*TASK STATEMENT*:
Output the run of lines that opens with the first line of the material below and closes with the line containing "#45=LINE('',#44,#43);", both included, and drop the pictures.

──────── RECORDS TO PROCESS

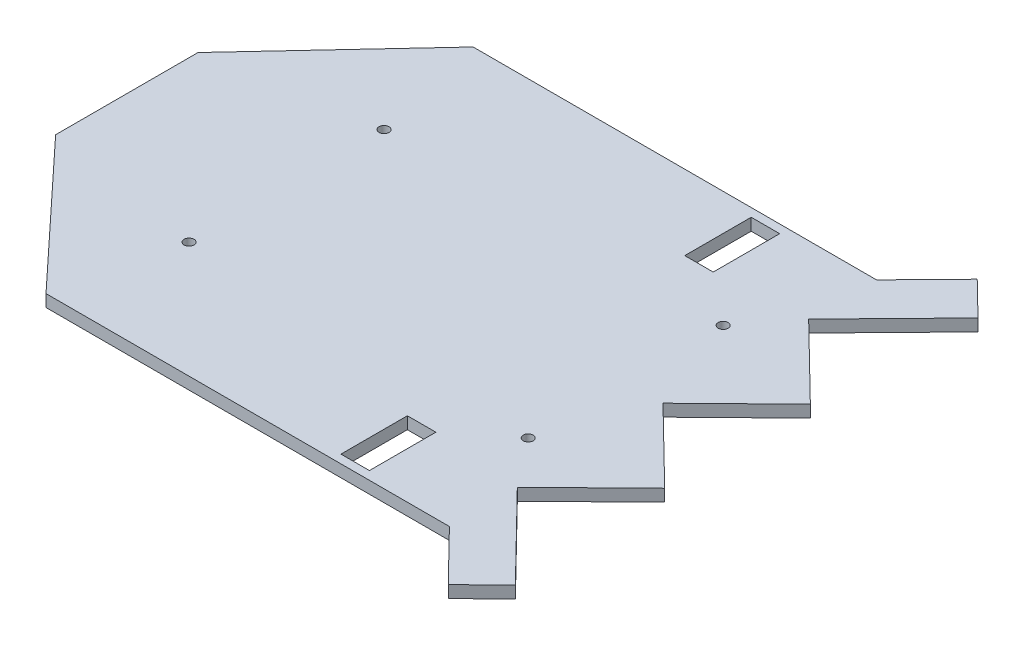
ISO-10303-21;
HEADER;
FILE_DESCRIPTION(('STEP AP214'),'2;1');
FILE_NAME('part.step','',(''),(''),'','','');
FILE_SCHEMA(('AUTOMOTIVE_DESIGN { 1 0 10303 214 1 1 1 1 }'));
ENDSEC;
DATA;
#1=APPLICATION_CONTEXT('core data for automotive mechanical design processes');
#2=APPLICATION_PROTOCOL_DEFINITION('international standard','automotive_design',2000,#1);
#3=PRODUCT_CONTEXT('',#1,'mechanical');
#4=PRODUCT('Part','Part','',(#3));
#5=PRODUCT_RELATED_PRODUCT_CATEGORY('part','',(#4));
#6=PRODUCT_DEFINITION_FORMATION('','',#4);
#7=PRODUCT_DEFINITION_CONTEXT('part definition',#1,'design');
#8=PRODUCT_DEFINITION('design','',#6,#7);
#9=PRODUCT_DEFINITION_SHAPE('','',#8);
#10=(LENGTH_UNIT() NAMED_UNIT(*) SI_UNIT(.MILLI.,.METRE.));
#11=(NAMED_UNIT(*) PLANE_ANGLE_UNIT() SI_UNIT($,.RADIAN.));
#12=(NAMED_UNIT(*) SI_UNIT($,.STERADIAN.) SOLID_ANGLE_UNIT());
#13=UNCERTAINTY_MEASURE_WITH_UNIT(LENGTH_MEASURE(1.E-05),#10,'distance_accuracy_value','');
#14=(GEOMETRIC_REPRESENTATION_CONTEXT(3) GLOBAL_UNCERTAINTY_ASSIGNED_CONTEXT((#13)) GLOBAL_UNIT_ASSIGNED_CONTEXT((#10,
#11,#12)) REPRESENTATION_CONTEXT('',''));
#15=CARTESIAN_POINT('',(0.,0.,0.));
#16=DIRECTION('',(0.,0.,1.));
#17=DIRECTION('',(1.,0.,0.));
#18=AXIS2_PLACEMENT_3D('',#15,#16,#17);
#19=CARTESIAN_POINT('',(0.,-0.1,0.));
#20=DIRECTION('',(0.,1.,0.));
#21=DIRECTION('',(0.,0.,1.));
#22=AXIS2_PLACEMENT_3D('',#19,#20,#21);
#23=PLANE('',#22);
#24=DIRECTION('',(0.71519160898376,0.,-0.69892843871116));
#25=VECTOR('',#24,1.);
#26=CARTESIAN_POINT('',(246.912660031566,-0.1,111.455748269513));
#27=LINE('',#26,#25);
#28=CARTESIAN_POINT('',(246.912660031566,-0.1,111.455748269513));
#29=VERTEX_POINT('',#28);
#30=CARTESIAN_POINT('',(261.216492211241,-0.1,97.4771794952896));
#31=VERTEX_POINT('',#30);
#32=EDGE_CURVE('E297',#29,#31,#27,.T.);
#33=ORIENTED_EDGE('',*,*,#32,.F.);
#34=DIRECTION('',(0.698928438711159,0.,0.715191608983762));
#35=VECTOR('',#34,1.);
#36=CARTESIAN_POINT('',(225.944806870231,-0.1,90.));
#37=LINE('',#36,#35);
#38=CARTESIAN_POINT('',(225.944806870231,-0.1,90.));
#39=VERTEX_POINT('',#38);
#40=EDGE_CURVE('E339',#39,#29,#37,.T.);
#41=ORIENTED_EDGE('',*,*,#40,.F.);
#42=DIRECTION('',(1.,0.,0.));
#43=VECTOR('',#42,1.);
#44=CARTESIAN_POINT('',(55.9448068702312,-0.1,90.));
#45=LINE('',#44,#43);
#46=CARTESIAN_POINT('',(55.9448068702312,-0.1,90.));
#47=VERTEX_POINT('',#46);
#48=EDGE_CURVE('E336',#47,#39,#45,.T.);
#49=ORIENTED_EDGE('',*,*,#48,.F.);
#50=DIRECTION('',(0.681958597642219,0.,0.731390778655199));
#51=VECTOR('',#50,1.);
#52=CARTESIAN_POINT('',(0.,-0.1,30.));
#53=LINE('',#52,#51);
#54=CARTESIAN_POINT('',(0.,-0.1,30.));
#55=VERTEX_POINT('',#54);
#56=EDGE_CURVE('E333',#55,#47,#53,.T.);
#57=ORIENTED_EDGE('',*,*,#56,.F.);
#58=DIRECTION('',(0.,0.,1.));
#59=VECTOR('',#58,1.);
#60=CARTESIAN_POINT('',(0.,-0.1,30.));
#61=LINE('',#60,#59);
#62=CARTESIAN_POINT('',(0.,-0.1,-30.));
#63=VERTEX_POINT('',#62);
#64=EDGE_CURVE('E330',#63,#55,#61,.T.);
#65=ORIENTED_EDGE('',*,*,#64,.F.);
#66=DIRECTION('',(-0.68195859764222,0.,0.731390778655198));
#67=VECTOR('',#66,1.);
#68=CARTESIAN_POINT('',(0.,-0.1,-30.));
#69=LINE('',#68,#67);
#70=CARTESIAN_POINT('',(55.9448068702314,-0.1,-90.));
#71=VERTEX_POINT('',#70);
#72=EDGE_CURVE('E327',#71,#63,#69,.T.);
#73=ORIENTED_EDGE('',*,*,#72,.F.);
#74=DIRECTION('',(-1.,0.,0.));
#75=VECTOR('',#74,1.);
#76=CARTESIAN_POINT('',(55.9448068702314,-0.1,-90.));
#77=LINE('',#76,#75);
#78=CARTESIAN_POINT('',(225.944806870231,-0.1,-90.));
#79=VERTEX_POINT('',#78);
#80=EDGE_CURVE('E324',#79,#71,#77,.T.);
#81=ORIENTED_EDGE('',*,*,#80,.F.);
#82=DIRECTION('',(-0.698928438711159,0.,0.715191608983762));
#83=VECTOR('',#82,1.);
#84=CARTESIAN_POINT('',(225.944806870231,-0.1,-90.));
#85=LINE('',#84,#83);
#86=CARTESIAN_POINT('',(246.912660031566,-0.1,-111.455748269513));
#87=VERTEX_POINT('',#86);
#88=EDGE_CURVE('E321',#87,#79,#85,.T.);
#89=ORIENTED_EDGE('',*,*,#88,.F.);
#90=DIRECTION('',(-0.71519160898376,0.,-0.69892843871116));
#91=VECTOR('',#90,1.);
#92=CARTESIAN_POINT('',(246.912660031566,-0.1,-111.455748269513));
#93=LINE('',#92,#91);
#94=CARTESIAN_POINT('',(261.216492211241,-0.1,-97.4771794952896));
#95=VERTEX_POINT('',#94);
#96=EDGE_CURVE('E318',#95,#87,#93,.T.);
#97=ORIENTED_EDGE('',*,*,#96,.F.);
#98=DIRECTION('',(0.698928438711159,0.,-0.715191608983762));
#99=VECTOR('',#98,1.);
#100=CARTESIAN_POINT('',(261.216492211241,-0.1,-97.4771794952896));
#101=LINE('',#100,#99);
#102=CARTESIAN_POINT('',(225.944806870231,-0.1,-61.3847671774803));
#103=VERTEX_POINT('',#102);
#104=EDGE_CURVE('E315',#103,#95,#101,.T.);
#105=ORIENTED_EDGE('',*,*,#104,.F.);
#106=DIRECTION('',(-0.715191608983761,0.,-0.69892843871116));
#107=VECTOR('',#106,1.);
#108=CARTESIAN_POINT('',(225.944806870231,-0.1,-61.3847671774803));
#109=LINE('',#108,#107);
#110=CARTESIAN_POINT('',(257.353801996435,-0.1,-30.69));
#111=VERTEX_POINT('',#110);
#112=EDGE_CURVE('E312',#111,#103,#109,.T.);
#113=ORIENTED_EDGE('',*,*,#112,.F.);
#114=DIRECTION('',(0.715245871572463,0.,-0.69887290918918));
#115=VECTOR('',#114,1.);
#116=CARTESIAN_POINT('',(257.353801996435,-0.1,-30.69));
#117=LINE('',#116,#115);
#118=CARTESIAN_POINT('',(225.944806870231,-0.1,0.));
#119=VERTEX_POINT('',#118);
#120=EDGE_CURVE('E309',#119,#111,#117,.T.);
#121=ORIENTED_EDGE('',*,*,#120,.F.);
#122=DIRECTION('',(-0.715245871572463,0.,-0.69887290918918));
#123=VECTOR('',#122,1.);
#124=CARTESIAN_POINT('',(257.353801996435,-0.1,30.69));
#125=LINE('',#124,#123);
#126=CARTESIAN_POINT('',(257.353801996435,-0.1,30.69));
#127=VERTEX_POINT('',#126);
#128=EDGE_CURVE('E306',#127,#119,#125,.T.);
#129=ORIENTED_EDGE('',*,*,#128,.F.);
#130=DIRECTION('',(0.715191608983761,0.,-0.69892843871116));
#131=VECTOR('',#130,1.);
#132=CARTESIAN_POINT('',(225.944806870231,-0.1,61.3847671774803));
#133=LINE('',#132,#131);
#134=CARTESIAN_POINT('',(225.944806870231,-0.1,61.3847671774803));
#135=VERTEX_POINT('',#134);
#136=EDGE_CURVE('E303',#135,#127,#133,.T.);
#137=ORIENTED_EDGE('',*,*,#136,.F.);
#138=DIRECTION('',(-0.698928438711159,0.,-0.715191608983762));
#139=VECTOR('',#138,1.);
#140=CARTESIAN_POINT('',(261.216492211241,-0.1,97.4771794952896));
#141=LINE('',#140,#139);
#142=EDGE_CURVE('E300',#31,#135,#141,.T.);
#143=ORIENTED_EDGE('',*,*,#142,.F.);
#144=EDGE_LOOP('',(#33,#41,#49,#57,#65,#73,#81,#89,#97,#105,#113,#121,#129,#137,#143));
#145=FACE_BOUND('',#144,.T.);
#146=CARTESIAN_POINT('',(67.3097527531761,-0.1,-41.0819672181388));
#147=DIRECTION('',(0.,-1.,0.));
#148=DIRECTION('',(0.,0.,-1.));
#149=AXIS2_PLACEMENT_3D('',#146,#147,#148);
#150=CIRCLE('',#149,2.1);
#151=CARTESIAN_POINT('',(67.3097527531761,-0.1,-43.1819672181388));
#152=VERTEX_POINT('',#151);
#153=EDGE_CURVE('E242',#152,#152,#150,.T.);
#154=ORIENTED_EDGE('',*,*,#153,.F.);
#155=EDGE_LOOP('',(#154));
#156=FACE_BOUND('',#155,.T.);
#157=CARTESIAN_POINT('',(210.227358503643,-0.1,-41.0819672181388));
#158=DIRECTION('',(0.,-1.,0.));
#159=DIRECTION('',(0.,0.,-1.));
#160=AXIS2_PLACEMENT_3D('',#157,#158,#159);
#161=CIRCLE('',#160,2.09999999999999);
#162=CARTESIAN_POINT('',(210.227358503643,-0.1,-43.1819672181388));
#163=VERTEX_POINT('',#162);
#164=EDGE_CURVE('E239',#163,#163,#161,.T.);
#165=ORIENTED_EDGE('',*,*,#164,.F.);
#166=EDGE_LOOP('',(#165));
#167=FACE_BOUND('',#166,.T.);
#168=CARTESIAN_POINT('',(210.227358503643,-0.1,41.0819672181388));
#169=DIRECTION('',(0.,-1.,0.));
#170=DIRECTION('',(0.,0.,1.));
#171=AXIS2_PLACEMENT_3D('',#168,#169,#170);
#172=CIRCLE('',#171,2.09999999999999);
#173=CARTESIAN_POINT('',(210.227358503643,-0.1,43.1819672181388));
#174=VERTEX_POINT('',#173);
#175=EDGE_CURVE('E243',#174,#174,#172,.T.);
#176=ORIENTED_EDGE('',*,*,#175,.F.);
#177=EDGE_LOOP('',(#176));
#178=FACE_BOUND('',#177,.T.);
#179=CARTESIAN_POINT('',(67.3097527531761,-0.1,41.0819672181388));
#180=DIRECTION('',(0.,-1.,0.));
#181=DIRECTION('',(0.,0.,1.));
#182=AXIS2_PLACEMENT_3D('',#179,#180,#181);
#183=CIRCLE('',#182,2.1);
#184=CARTESIAN_POINT('',(67.3097527531761,-0.1,43.1819672181388));
#185=VERTEX_POINT('',#184);
#186=EDGE_CURVE('E197',#185,#185,#183,.T.);
#187=ORIENTED_EDGE('',*,*,#186,.F.);
#188=EDGE_LOOP('',(#187));
#189=FACE_BOUND('',#188,.T.);
#190=DIRECTION('',(-1.,0.,0.));
#191=VECTOR('',#190,1.);
#192=CARTESIAN_POINT('',(188.67460317135,-0.1,-58.444256033032));
#193=LINE('',#192,#191);
#194=CARTESIAN_POINT('',(188.67460317135,-0.1,-58.444256033032));
#195=VERTEX_POINT('',#194);
#196=CARTESIAN_POINT('',(176.67460317135,-0.1,-58.444256033032));
#197=VERTEX_POINT('',#196);
#198=EDGE_CURVE('E213',#195,#197,#193,.T.);
#199=ORIENTED_EDGE('',*,*,#198,.F.);
#200=DIRECTION('',(0.,0.,1.));
#201=VECTOR('',#200,1.);
#202=CARTESIAN_POINT('',(188.67460317135,-0.1,-86.444256033032));
#203=LINE('',#202,#201);
#204=CARTESIAN_POINT('',(188.67460317135,-0.1,-86.444256033032));
#205=VERTEX_POINT('',#204);
#206=EDGE_CURVE('E60',#205,#195,#203,.T.);
#207=ORIENTED_EDGE('',*,*,#206,.F.);
#208=DIRECTION('',(-1.,0.,0.));
#209=VECTOR('',#208,1.);
#210=CARTESIAN_POINT('',(188.67460317135,-0.1,-86.444256033032));
#211=LINE('',#210,#209);
#212=CARTESIAN_POINT('',(176.67460317135,-0.1,-86.444256033032));
#213=VERTEX_POINT('',#212);
#214=EDGE_CURVE('E225',#205,#213,#211,.T.);
#215=ORIENTED_EDGE('',*,*,#214,.T.);
#216=DIRECTION('',(0.,0.,1.));
#217=VECTOR('',#216,1.);
#218=CARTESIAN_POINT('',(176.67460317135,-0.1,-86.444256033032));
#219=LINE('',#218,#217);
#220=EDGE_CURVE('E234',#213,#197,#219,.T.);
#221=ORIENTED_EDGE('',*,*,#220,.T.);
#222=EDGE_LOOP('',(#199,#207,#215,#221));
#223=FACE_BOUND('',#222,.T.);
#224=DIRECTION('',(-1.,0.,0.));
#225=VECTOR('',#224,1.);
#226=CARTESIAN_POINT('',(188.67460317135,-0.1,58.444256033032));
#227=LINE('',#226,#225);
#228=CARTESIAN_POINT('',(188.67460317135,-0.1,58.444256033032));
#229=VERTEX_POINT('',#228);
#230=CARTESIAN_POINT('',(176.67460317135,-0.1,58.444256033032));
#231=VERTEX_POINT('',#230);
#232=EDGE_CURVE('E52',#229,#231,#227,.T.);
#233=ORIENTED_EDGE('',*,*,#232,.T.);
#234=DIRECTION('',(0.,0.,-1.));
#235=VECTOR('',#234,1.);
#236=CARTESIAN_POINT('',(176.67460317135,-0.1,86.444256033032));
#237=LINE('',#236,#235);
#238=CARTESIAN_POINT('',(176.67460317135,-0.1,86.444256033032));
#239=VERTEX_POINT('',#238);
#240=EDGE_CURVE('E201',#239,#231,#237,.T.);
#241=ORIENTED_EDGE('',*,*,#240,.F.);
#242=DIRECTION('',(-1.,0.,0.));
#243=VECTOR('',#242,1.);
#244=CARTESIAN_POINT('',(188.67460317135,-0.1,86.444256033032));
#245=LINE('',#244,#243);
#246=CARTESIAN_POINT('',(188.67460317135,-0.1,86.444256033032));
#247=VERTEX_POINT('',#246);
#248=EDGE_CURVE('E207',#247,#239,#245,.T.);
#249=ORIENTED_EDGE('',*,*,#248,.F.);
#250=DIRECTION('',(0.,0.,-1.));
#251=VECTOR('',#250,1.);
#252=CARTESIAN_POINT('',(188.67460317135,-0.1,86.444256033032));
#253=LINE('',#252,#251);
#254=EDGE_CURVE('E211',#247,#229,#253,.T.);
#255=ORIENTED_EDGE('',*,*,#254,.T.);
#256=EDGE_LOOP('',(#233,#241,#249,#255));
#257=FACE_BOUND('',#256,.T.);
#258=ADVANCED_FACE('F37',(#145,#156,#167,#178,#189,#223,#257),#23,.F.);
#259=CARTESIAN_POINT('',(0.,5.,0.));
#260=DIRECTION('',(0.,1.,0.));
#261=DIRECTION('',(0.,0.,1.));
#262=AXIS2_PLACEMENT_3D('',#259,#260,#261);
#263=PLANE('',#262);
#264=DIRECTION('',(0.,0.,-1.));
#265=VECTOR('',#264,1.);
#266=CARTESIAN_POINT('',(188.67460317135,5.,0.));
#267=LINE('',#266,#265);
#268=CARTESIAN_POINT('',(188.67460317135,5.,-58.444256033032));
#269=VERTEX_POINT('',#268);
#270=CARTESIAN_POINT('',(188.67460317135,5.,-86.444256033032));
#271=VERTEX_POINT('',#270);
#272=EDGE_CURVE('E390',#269,#271,#267,.T.);
#273=ORIENTED_EDGE('',*,*,#272,.F.);
#274=DIRECTION('',(1.,0.,0.));
#275=VECTOR('',#274,1.);
#276=CARTESIAN_POINT('',(0.,5.,-58.444256033032));
#277=LINE('',#276,#275);
#278=CARTESIAN_POINT('',(176.67460317135,5.,-58.444256033032));
#279=VERTEX_POINT('',#278);
#280=EDGE_CURVE('E345',#279,#269,#277,.T.);
#281=ORIENTED_EDGE('',*,*,#280,.F.);
#282=DIRECTION('',(0.,0.,-1.));
#283=VECTOR('',#282,1.);
#284=CARTESIAN_POINT('',(176.67460317135,5.,0.));
#285=LINE('',#284,#283);
#286=CARTESIAN_POINT('',(176.67460317135,5.,-86.444256033032));
#287=VERTEX_POINT('',#286);
#288=EDGE_CURVE('E384',#279,#287,#285,.T.);
#289=ORIENTED_EDGE('',*,*,#288,.T.);
#290=DIRECTION('',(1.,0.,0.));
#291=VECTOR('',#290,1.);
#292=CARTESIAN_POINT('',(0.,5.,-86.444256033032));
#293=LINE('',#292,#291);
#294=EDGE_CURVE('E387',#287,#271,#293,.T.);
#295=ORIENTED_EDGE('',*,*,#294,.T.);
#296=EDGE_LOOP('',(#273,#281,#289,#295));
#297=FACE_BOUND('',#296,.T.);
#298=CARTESIAN_POINT('',(67.3097527531761,5.,41.0819672181388));
#299=DIRECTION('',(0.,1.,0.));
#300=DIRECTION('',(0.,0.,1.));
#301=AXIS2_PLACEMENT_3D('',#298,#299,#300);
#302=CIRCLE('',#301,2.1);
#303=CARTESIAN_POINT('',(67.3097527531761,5.,43.1819672181388));
#304=VERTEX_POINT('',#303);
#305=EDGE_CURVE('E255',#304,#304,#302,.T.);
#306=ORIENTED_EDGE('',*,*,#305,.F.);
#307=EDGE_LOOP('',(#306));
#308=FACE_BOUND('',#307,.T.);
#309=CARTESIAN_POINT('',(210.227358503643,5.,41.0819672181388));
#310=DIRECTION('',(0.,1.,0.));
#311=DIRECTION('',(0.,0.,1.));
#312=AXIS2_PLACEMENT_3D('',#309,#310,#311);
#313=CIRCLE('',#312,2.09999999999999);
#314=CARTESIAN_POINT('',(210.227358503643,5.,43.1819672181388));
#315=VERTEX_POINT('',#314);
#316=EDGE_CURVE('E378',#315,#315,#313,.T.);
#317=ORIENTED_EDGE('',*,*,#316,.F.);
#318=EDGE_LOOP('',(#317));
#319=FACE_BOUND('',#318,.T.);
#320=CARTESIAN_POINT('',(210.227358503643,5.,-41.0819672181388));
#321=DIRECTION('',(0.,1.,0.));
#322=DIRECTION('',(0.,0.,1.));
#323=AXIS2_PLACEMENT_3D('',#320,#321,#322);
#324=CIRCLE('',#323,2.09999999999999);
#325=CARTESIAN_POINT('',(210.227358503643,5.,-38.9819672181388));
#326=VERTEX_POINT('',#325);
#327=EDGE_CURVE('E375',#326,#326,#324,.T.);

────────────────

*COMPLETED TASK*:
ISO-10303-21;
HEADER;
FILE_DESCRIPTION(('STEP AP214'),'2;1');
FILE_NAME('part.step','',(''),(''),'','','');
FILE_SCHEMA(('AUTOMOTIVE_DESIGN { 1 0 10303 214 1 1 1 1 }'));
ENDSEC;
DATA;
#1=APPLICATION_CONTEXT('core data for automotive mechanical design processes');
#2=APPLICATION_PROTOCOL_DEFINITION('international standard','automotive_design',2000,#1);
#3=PRODUCT_CONTEXT('',#1,'mechanical');
#4=PRODUCT('Part','Part','',(#3));
#5=PRODUCT_RELATED_PRODUCT_CATEGORY('part','',(#4));
#6=PRODUCT_DEFINITION_FORMATION('','',#4);
#7=PRODUCT_DEFINITION_CONTEXT('part definition',#1,'design');
#8=PRODUCT_DEFINITION('design','',#6,#7);
#9=PRODUCT_DEFINITION_SHAPE('','',#8);
#10=(LENGTH_UNIT() NAMED_UNIT(*) SI_UNIT(.MILLI.,.METRE.));
#11=(NAMED_UNIT(*) PLANE_ANGLE_UNIT() SI_UNIT($,.RADIAN.));
#12=(NAMED_UNIT(*) SI_UNIT($,.STERADIAN.) SOLID_ANGLE_UNIT());
#13=UNCERTAINTY_MEASURE_WITH_UNIT(LENGTH_MEASURE(1.E-05),#10,'distance_accuracy_value','');
#14=(GEOMETRIC_REPRESENTATION_CONTEXT(3) GLOBAL_UNCERTAINTY_ASSIGNED_CONTEXT((#13)) GLOBAL_UNIT_ASSIGNED_CONTEXT((#10,
#11,#12)) REPRESENTATION_CONTEXT('',''));
#15=CARTESIAN_POINT('',(0.,0.,0.));
#16=DIRECTION('',(0.,0.,1.));
#17=DIRECTION('',(1.,0.,0.));
#18=AXIS2_PLACEMENT_3D('',#15,#16,#17);
#19=CARTESIAN_POINT('',(0.,-0.1,0.));
#20=DIRECTION('',(0.,1.,0.));
#21=DIRECTION('',(0.,0.,1.));
#22=AXIS2_PLACEMENT_3D('',#19,#20,#21);
#23=PLANE('',#22);
#24=DIRECTION('',(0.71519160898376,0.,-0.69892843871116));
#25=VECTOR('',#24,1.);
#26=CARTESIAN_POINT('',(246.912660031566,-0.1,111.455748269513));
#27=LINE('',#26,#25);
#28=CARTESIAN_POINT('',(246.912660031566,-0.1,111.455748269513));
#29=VERTEX_POINT('',#28);
#30=CARTESIAN_POINT('',(261.216492211241,-0.1,97.4771794952896));
#31=VERTEX_POINT('',#30);
#32=EDGE_CURVE('E297',#29,#31,#27,.T.);
#33=ORIENTED_EDGE('',*,*,#32,.F.);
#34=DIRECTION('',(0.698928438711159,0.,0.715191608983762));
#35=VECTOR('',#34,1.);
#36=CARTESIAN_POINT('',(225.944806870231,-0.1,90.));
#37=LINE('',#36,#35);
#38=CARTESIAN_POINT('',(225.944806870231,-0.1,90.));
#39=VERTEX_POINT('',#38);
#40=EDGE_CURVE('E339',#39,#29,#37,.T.);
#41=ORIENTED_EDGE('',*,*,#40,.F.);
#42=DIRECTION('',(1.,0.,0.));
#43=VECTOR('',#42,1.);
#44=CARTESIAN_POINT('',(55.9448068702312,-0.1,90.));
#45=LINE('',#44,#43);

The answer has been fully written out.